I have been in substance abuse treatment since March 10, 2013. I am by no means perfect but I have managed to stay in compliance with the same program since then, without any use or abuse of my drug of choice, prescription painkillers. Having a clear head means remembering some things that you’d just as soon forget though, and as I’ve been struggling lately, I felt inspired to post a few of these things to remind myself why I never want to be that woman again.
1. I neglected my children’s needs for my high or due to my withdrawals. At the time, I blamed it on my health (and I do have legitimate health problems) but the reality was I was heavily abusing any opiate (also sometimes benzos) I could get my hands on. So that had me super high and out of it at times and when I was withdrawing I would be angry, sick and unavailable to them. Daughter suffered for this in many ways that Son did not end up as she was older. It has been painful for me to see and know, as she’s now in college, if I’d been there for her when I was supposed to she wouldn’t have nearly as many issues with math and math anxiety. And math is important to her long term goals as she wants to be a nurse. Son was in the second grade when I detoxed and I have been an active part of his education since then. He’s now finishing 4th grade and his progress has been amazing. I do often wonder, though, how much his anxiety issues and stammer are my fault. Nonetheless, as imperfect as I was and am, I know I am a huge percent better mom now. I make sure he has all kinds of things that I couldn’t or wouldn’t do for Daughter. She is happy about this. When things were at their worst with the pills, she’d sometimes scream into my drugged out face,”Get your crap together! Don’t you dare do this to him too!!”
2. I drove, loaded, with the kids in the car. It’s only by the grace of God that all I ever did was put small, cosmetic damage type dents. I have a dear friend that crashed with her 3 kids in the backseat and 2+ years later, their lives are still forever changed. Friend has made amazing progress and even managed after serving time to get full custody of 2 of her 3 kids. Her eldest lives with her dad, and only sees her mom on the weekends that her dad deems Friend worthy. As she is still in a sober house living situation and just barely got the other 2 back this isn’t something Friend is ready to take to court.
3. I overdosed on multiple occasions. Sometimes, I didn’t know what happened. One night, I mixed a bunch of Percocet, caffeine pills, and Klonopin. Back then Daughter and I used to go to the all night Laundromat to do 2-3 weeks worth of laundry at a time. Husband was super controlling and rage prone back then and we would kind of look forward to these trips. That night however, I was on edge about something, so I bummed a few Klonopin off my Mom. I felt mellow after the first one. But then I took a few more Percs and a couple of No Doze, with the idea of getting the pain relief, motivation and energy to get through the night. They hit me weird, however, and all of a sudden it seemed like a good idea to pop another 2 Klonopin. I don’t remember much of what happened after that except 2 things that stand out clearly.
First, I remember being woken up by Daughter screaming my name and lightly smacking my cheeks. I was reclined in the driver’s seat of our car with the radio blaring Lady Gaga, and Daughter kept saying,”You weren’t breathing! You weren’t breathing.” That is scary as hell (for obvious reasons) and also because we lost my brother in 2007 due to that same type of overdose. He mixed Percocet and Klonopin with who knows what else all the time but for some reason, on 10/30/07 he ended up with just the right opiate/benzo cocktail to just go to sleep and then stop breathing and by the time they found him it was too late.

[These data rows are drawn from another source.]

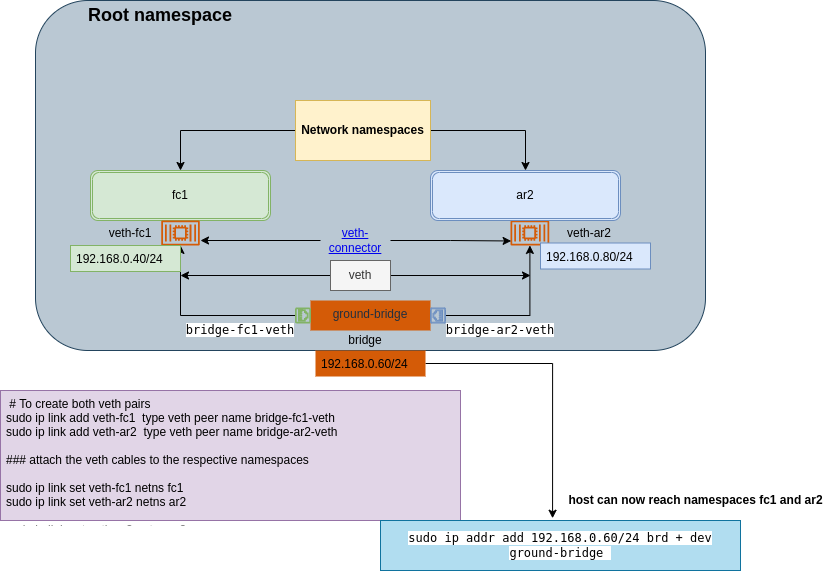

The diagram above was exported from draw.io. Its source (the exported page's mxGraphModel, read from the mxfile embedded in the PNG):
<mxGraphModel dx="1422" dy="703" grid="1" gridSize="10" guides="1" tooltips="1" connect="1" arrows="1" fold="1" page="1" pageScale="1" pageWidth="850" pageHeight="1100" math="0" shadow="0">
  <root>
    <mxCell id="0" />
    <mxCell id="1" parent="0" />
    <mxCell id="x5x47fgaRvTnGXit8WjN-3" value="" style="rounded=1;whiteSpace=wrap;html=1;fillColor=#bac8d3;strokeColor=#23445d;gradientColor=none;" vertex="1" parent="1">
      <mxGeometry x="95" y="100" width="670" height="350" as="geometry" />
    </mxCell>
    <mxCell id="ev0Aeyr_KVsdnvNFJPEJ-19" value="&lt;div&gt;&lt;span&gt;ground-bridge&lt;/span&gt;&lt;/div&gt;" style="whiteSpace=wrap;html=1;verticalAlign=top;fillColor=#D45B07;strokeColor=none;fontColor=#232F3E;sketch=0;gradientColor=none;dashed=0;fontStyle=0;align=center;" parent="1" vertex="1">
      <mxGeometry x="370" y="400" width="120" height="30" as="geometry" />
    </mxCell>
    <mxCell id="ev0Aeyr_KVsdnvNFJPEJ-22" value="" style="sketch=0;outlineConnect=0;fontColor=#232F3E;gradientColor=none;fillColor=#D45B07;strokeColor=none;dashed=0;verticalLabelPosition=bottom;verticalAlign=top;align=center;html=1;fontSize=12;fontStyle=0;aspect=fixed;pointerEvents=1;shape=mxgraph.aws4.container_2;" parent="1" vertex="1">
      <mxGeometry x="570" y="320" width="38.71" height="25" as="geometry" />
    </mxCell>
    <mxCell id="ev0Aeyr_KVsdnvNFJPEJ-25" value="fc1" style="shape=ext;double=1;rounded=1;whiteSpace=wrap;html=1;fillColor=#d5e8d4;strokeColor=#82b366;" parent="1" vertex="1">
      <mxGeometry x="150" y="270" width="180" height="50" as="geometry" />
    </mxCell>
    <mxCell id="ev0Aeyr_KVsdnvNFJPEJ-26" value="ar2" style="shape=ext;double=1;rounded=1;whiteSpace=wrap;html=1;fillColor=#dae8fc;strokeColor=#6c8ebf;" parent="1" vertex="1">
      <mxGeometry x="490" y="270" width="190" height="50" as="geometry" />
    </mxCell>
    <mxCell id="ev0Aeyr_KVsdnvNFJPEJ-27" value="" style="sketch=0;outlineConnect=0;fontColor=#232F3E;gradientColor=none;fillColor=#D45B07;strokeColor=none;dashed=0;verticalLabelPosition=bottom;verticalAlign=top;align=center;html=1;fontSize=12;fontStyle=0;aspect=fixed;pointerEvents=1;shape=mxgraph.aws4.container_2;" parent="1" vertex="1">
      <mxGeometry x="220.63999999999993" y="320" width="38.71" height="25" as="geometry" />
    </mxCell>
    <mxCell id="gavfD8Kqq-U7ce_5hhEk-21" style="edgeStyle=orthogonalEdgeStyle;rounded=0;orthogonalLoop=1;jettySize=auto;html=1;" parent="1" source="gavfD8Kqq-U7ce_5hhEk-16" edge="1">
      <mxGeometry relative="1" as="geometry">
        <mxPoint x="260" y="340" as="targetPoint" />
      </mxGeometry>
    </mxCell>
    <mxCell id="gavfD8Kqq-U7ce_5hhEk-23" style="edgeStyle=orthogonalEdgeStyle;rounded=0;orthogonalLoop=1;jettySize=auto;html=1;entryX=0.016;entryY=0.821;entryDx=0;entryDy=0;entryPerimeter=0;" parent="1" source="gavfD8Kqq-U7ce_5hhEk-16" target="ev0Aeyr_KVsdnvNFJPEJ-22" edge="1">
      <mxGeometry relative="1" as="geometry" />
    </mxCell>
    <UserObject label="veth-connector" link="https://www.draw.io" id="gavfD8Kqq-U7ce_5hhEk-16">
      <mxCell style="text;html=1;strokeColor=none;fillColor=none;whiteSpace=wrap;align=center;verticalAlign=middle;fontColor=#0000EE;fontStyle=4;" parent="1" vertex="1">
        <mxGeometry x="380" y="320" width="70" height="40" as="geometry" />
      </mxCell>
    </UserObject>
    <UserObject label="veth-fc1&lt;br&gt;" placeholders="1" name="Variable" id="gavfD8Kqq-U7ce_5hhEk-17">
      <mxCell style="text;html=1;strokeColor=none;fillColor=none;align=center;verticalAlign=middle;whiteSpace=wrap;overflow=hidden;" parent="1" vertex="1">
        <mxGeometry x="150" y="322.5" width="80" height="20" as="geometry" />
      </mxCell>
    </UserObject>
    <UserObject label="bridge" placeholders="1" name="Variable" id="gavfD8Kqq-U7ce_5hhEk-18">
      <mxCell style="text;html=1;strokeColor=none;fillColor=none;align=center;verticalAlign=middle;whiteSpace=wrap;overflow=hidden;" parent="1" vertex="1">
        <mxGeometry x="385" y="430" width="80" height="20" as="geometry" />
      </mxCell>
    </UserObject>
    <UserObject label="&lt;span style=&quot;font-family: monospace&quot;&gt;&lt;span style=&quot;background-color: rgb(255 , 255 , 255)&quot;&gt;bridge-fc1-veth&lt;/span&gt;&lt;br&gt;&lt;/span&gt;" placeholders="1" name="Variable" id="gavfD8Kqq-U7ce_5hhEk-19">
      <mxCell style="text;html=1;strokeColor=none;fillColor=none;align=center;verticalAlign=middle;whiteSpace=wrap;overflow=hidden;" parent="1" vertex="1">
        <mxGeometry x="230" y="420" width="140" height="20" as="geometry" />
      </mxCell>
    </UserObject>
    <UserObject label="veth-ar2" placeholders="1" name="Variable" id="gavfD8Kqq-U7ce_5hhEk-20">
      <mxCell style="text;html=1;strokeColor=none;fillColor=none;align=center;verticalAlign=middle;whiteSpace=wrap;overflow=hidden;" parent="1" vertex="1">
        <mxGeometry x="608.71" y="322.5" width="80" height="20" as="geometry" />
      </mxCell>
    </UserObject>
    <mxCell id="gavfD8Kqq-U7ce_5hhEk-26" style="edgeStyle=orthogonalEdgeStyle;rounded=0;orthogonalLoop=1;jettySize=auto;html=1;entryX=0.5;entryY=0;entryDx=0;entryDy=0;" parent="1" source="gavfD8Kqq-U7ce_5hhEk-24" target="ev0Aeyr_KVsdnvNFJPEJ-25" edge="1">
      <mxGeometry relative="1" as="geometry" />
    </mxCell>
    <mxCell id="x5x47fgaRvTnGXit8WjN-5" style="edgeStyle=orthogonalEdgeStyle;rounded=0;orthogonalLoop=1;jettySize=auto;html=1;fontSize=18;" edge="1" parent="1" source="gavfD8Kqq-U7ce_5hhEk-24" target="ev0Aeyr_KVsdnvNFJPEJ-26">
      <mxGeometry relative="1" as="geometry">
        <Array as="points">
          <mxPoint x="585" y="230" />
        </Array>
      </mxGeometry>
    </mxCell>
    <mxCell id="gavfD8Kqq-U7ce_5hhEk-24" value="&lt;b&gt;Network namespaces&lt;/b&gt;" style="rounded=0;whiteSpace=wrap;html=1;fillColor=#fff2cc;strokeColor=#d6b656;" parent="1" vertex="1">
      <mxGeometry x="355" y="200" width="135" height="60" as="geometry" />
    </mxCell>
    <mxCell id="gavfD8Kqq-U7ce_5hhEk-27" value="" style="sketch=0;pointerEvents=1;shadow=0;dashed=0;html=1;strokeColor=#82b366;fillColor=#d5e8d4;aspect=fixed;labelPosition=center;verticalLabelPosition=bottom;verticalAlign=top;align=center;outlineConnect=0;shape=mxgraph.vvd.ethernet_port;rotation=-90;" parent="1" vertex="1">
      <mxGeometry width="15" as="geometry" />
    </mxCell>
    <mxCell id="gavfD8Kqq-U7ce_5hhEk-34" style="edgeStyle=orthogonalEdgeStyle;rounded=0;orthogonalLoop=1;jettySize=auto;html=1;" parent="1" source="gavfD8Kqq-U7ce_5hhEk-28" target="ev0Aeyr_KVsdnvNFJPEJ-22" edge="1">
      <mxGeometry relative="1" as="geometry" />
    </mxCell>
    <mxCell id="gavfD8Kqq-U7ce_5hhEk-28" value="" style="sketch=0;pointerEvents=1;shadow=0;dashed=0;html=1;strokeColor=#6c8ebf;fillColor=#dae8fc;aspect=fixed;labelPosition=center;verticalLabelPosition=bottom;verticalAlign=top;align=center;outlineConnect=0;shape=mxgraph.vvd.ethernet_port;rotation=90;" parent="1" vertex="1">
      <mxGeometry x="490" y="407.5" width="15" height="15" as="geometry" />
    </mxCell>
    <mxCell id="gavfD8Kqq-U7ce_5hhEk-33" style="edgeStyle=orthogonalEdgeStyle;rounded=0;orthogonalLoop=1;jettySize=auto;html=1;" parent="1" source="gavfD8Kqq-U7ce_5hhEk-31" target="ev0Aeyr_KVsdnvNFJPEJ-27" edge="1">
      <mxGeometry relative="1" as="geometry" />
    </mxCell>
    <mxCell id="gavfD8Kqq-U7ce_5hhEk-31" value="" style="sketch=0;pointerEvents=1;shadow=0;dashed=0;html=1;strokeColor=#82b366;fillColor=#d5e8d4;aspect=fixed;labelPosition=center;verticalLabelPosition=bottom;verticalAlign=top;align=center;outlineConnect=0;shape=mxgraph.vvd.ethernet_port;rotation=-89;" parent="1" vertex="1">
      <mxGeometry x="355" y="407.5" width="15" height="15" as="geometry" />
    </mxCell>
    <UserObject label="&lt;span style=&quot;font-family: monospace&quot;&gt;&lt;span style=&quot;background-color: rgb(255 , 255 , 255)&quot;&gt;bridge-ar2-veth&lt;/span&gt;&lt;br&gt;&lt;/span&gt;" placeholders="1" name="Variable" id="gavfD8Kqq-U7ce_5hhEk-35">
      <mxCell style="text;html=1;strokeColor=none;fillColor=none;align=center;verticalAlign=middle;whiteSpace=wrap;overflow=hidden;" parent="1" vertex="1">
        <mxGeometry x="490" y="420" width="140" height="20" as="geometry" />
      </mxCell>
    </UserObject>
    <mxCell id="gavfD8Kqq-U7ce_5hhEk-39" style="edgeStyle=orthogonalEdgeStyle;rounded=0;orthogonalLoop=1;jettySize=auto;html=1;" parent="1" source="gavfD8Kqq-U7ce_5hhEk-38" edge="1">
      <mxGeometry relative="1" as="geometry">
        <mxPoint x="590" y="375" as="targetPoint" />
      </mxGeometry>
    </mxCell>
    <mxCell id="gavfD8Kqq-U7ce_5hhEk-40" style="edgeStyle=orthogonalEdgeStyle;rounded=0;orthogonalLoop=1;jettySize=auto;html=1;" parent="1" source="gavfD8Kqq-U7ce_5hhEk-38" edge="1">
      <mxGeometry relative="1" as="geometry">
        <mxPoint x="240" y="375" as="targetPoint" />
      </mxGeometry>
    </mxCell>
    <mxCell id="gavfD8Kqq-U7ce_5hhEk-38" value="veth" style="text;html=1;strokeColor=#666666;fillColor=#f5f5f5;align=center;verticalAlign=middle;whiteSpace=wrap;rounded=0;fontColor=#333333;" parent="1" vertex="1">
      <mxGeometry x="390" y="360" width="60" height="30" as="geometry" />
    </mxCell>
    <mxCell id="gavfD8Kqq-U7ce_5hhEk-44" value=" # To create both veth pairs&#10;sudo ip link add veth-fc1  type veth peer name bridge-fc1-veth&#10;sudo ip link add veth-ar2  type veth peer name bridge-ar2-veth &#10; &#10;### attach the veth cables to the respective namespaces&#10;&#10;sudo ip link set veth-fc1 netns fc1   &#10;sudo ip link set veth-ar2 netns ar2&#10;&#10;sudo ip link set veth-ar2 netns ar2  &#10;" style="text;strokeColor=#9673a6;fillColor=#e1d5e7;align=left;verticalAlign=top;spacingLeft=4;spacingRight=4;overflow=hidden;rotatable=0;points=[[0,0.5],[1,0.5]];portConstraint=eastwest;" parent="1" vertex="1">
      <mxGeometry x="60" y="490" width="460" height="130" as="geometry" />
    </mxCell>
    <mxCell id="gavfD8Kqq-U7ce_5hhEk-46" value="192.168.0.40/24&#10;" style="text;strokeColor=#82b366;fillColor=#d5e8d4;align=left;verticalAlign=top;spacingLeft=4;spacingRight=4;overflow=hidden;rotatable=0;points=[[0,0.5],[1,0.5]];portConstraint=eastwest;" parent="1" vertex="1">
      <mxGeometry x="130" y="345" width="110" height="26" as="geometry" />
    </mxCell>
    <mxCell id="gavfD8Kqq-U7ce_5hhEk-47" value="192.168.0.80/24&#10;" style="text;strokeColor=#6c8ebf;fillColor=#dae8fc;align=left;verticalAlign=top;spacingLeft=4;spacingRight=4;overflow=hidden;rotatable=0;points=[[0,0.5],[1,0.5]];portConstraint=eastwest;" parent="1" vertex="1">
      <mxGeometry x="600" y="342.5" width="110" height="26" as="geometry" />
    </mxCell>
    <mxCell id="gavfD8Kqq-U7ce_5hhEk-50" style="edgeStyle=orthogonalEdgeStyle;rounded=0;orthogonalLoop=1;jettySize=auto;html=1;entryX=0.478;entryY=-0.045;entryDx=0;entryDy=0;entryPerimeter=0;" parent="1" source="gavfD8Kqq-U7ce_5hhEk-48" target="gavfD8Kqq-U7ce_5hhEk-53" edge="1">
      <mxGeometry relative="1" as="geometry">
        <mxPoint x="610" y="600" as="targetPoint" />
      </mxGeometry>
    </mxCell>
    <mxCell id="gavfD8Kqq-U7ce_5hhEk-48" value="192.168.0.60/24&#10;" style="text;strokeColor=none;fillColor=#D45B07;align=left;verticalAlign=top;spacingLeft=4;spacingRight=4;overflow=hidden;rotatable=0;points=[[0,0.5],[1,0.5]];portConstraint=eastwest;" parent="1" vertex="1">
      <mxGeometry x="375" y="450" width="110" height="26" as="geometry" />
    </mxCell>
    <mxCell id="gavfD8Kqq-U7ce_5hhEk-53" value="&lt;span style=&quot;font-family: monospace&quot;&gt;&lt;span style=&quot;background-color: rgb(255 , 255 , 255)&quot;&gt;sudo ip addr add 192.168.0.60/24 brd + dev ground-bridge&amp;nbsp;&lt;/span&gt;&lt;br&gt;&lt;/span&gt;" style="text;html=1;strokeColor=#10739e;fillColor=#b1ddf0;align=center;verticalAlign=middle;whiteSpace=wrap;rounded=0;" parent="1" vertex="1">
      <mxGeometry x="440" y="620" width="360" height="50" as="geometry" />
    </mxCell>
    <mxCell id="gavfD8Kqq-U7ce_5hhEk-54" value="&lt;b&gt;host can now reach namespaces fc1 and ar2&lt;/b&gt;" style="text;html=1;align=center;verticalAlign=middle;resizable=0;points=[];autosize=1;strokeColor=none;fillColor=none;" parent="1" vertex="1">
      <mxGeometry x="620" y="590" width="270" height="20" as="geometry" />
    </mxCell>
    <mxCell id="x5x47fgaRvTnGXit8WjN-4" value="&lt;b&gt;&lt;font style=&quot;font-size: 18px&quot;&gt;Root namespace&lt;/font&gt;&lt;/b&gt;" style="text;html=1;strokeColor=none;fillColor=none;align=center;verticalAlign=middle;whiteSpace=wrap;rounded=0;" vertex="1" parent="1">
      <mxGeometry x="130" y="100" width="180" height="30" as="geometry" />
    </mxCell>
  </root>
</mxGraphModel>

Second major highlight of that messed up night was when I got home and went to go pee before bed. I vaguely remember going in the bathroom, then the next thing I knew I was on the bathroom floor and my face hurt like hell. I had passed out and hit my face on the heater grate. I blamed it on my bad knees, saying that my knees gave out when I stood up after peeing, but really I had just blacked out. I had a concussion, a cut cheek (within an inch of my left eye) and a badly bruised fat lip. I know Son remembers this at least a little because every now and then he mentions the time I fell and got a “giant purple swelly.”
Other times when I KNEW I had taken too much of one thing or another, I would wait it out, monitoring myself, instead of asking for help from anyone. I would lay on my side, with the idea of not choking should I puke, and set alarms on my phone. I would then wait it out, usually playing solitaire or some other game, self assessing every 45 minutes or so till I felt safe to go to 2 hour increments of time. I never asked for help even though I was scared, sometimes really scared, because I was always MORE scared of someone in power finding out how out of control I was and cutting off my supply.
I also lied, cheated, manipulated and stole from loved ones and even a few strangers on a regular basis. Bottom line though, being so screwed up with my priorities that my precious children and even my own life came second to the almighty opiate is what haunts me the most.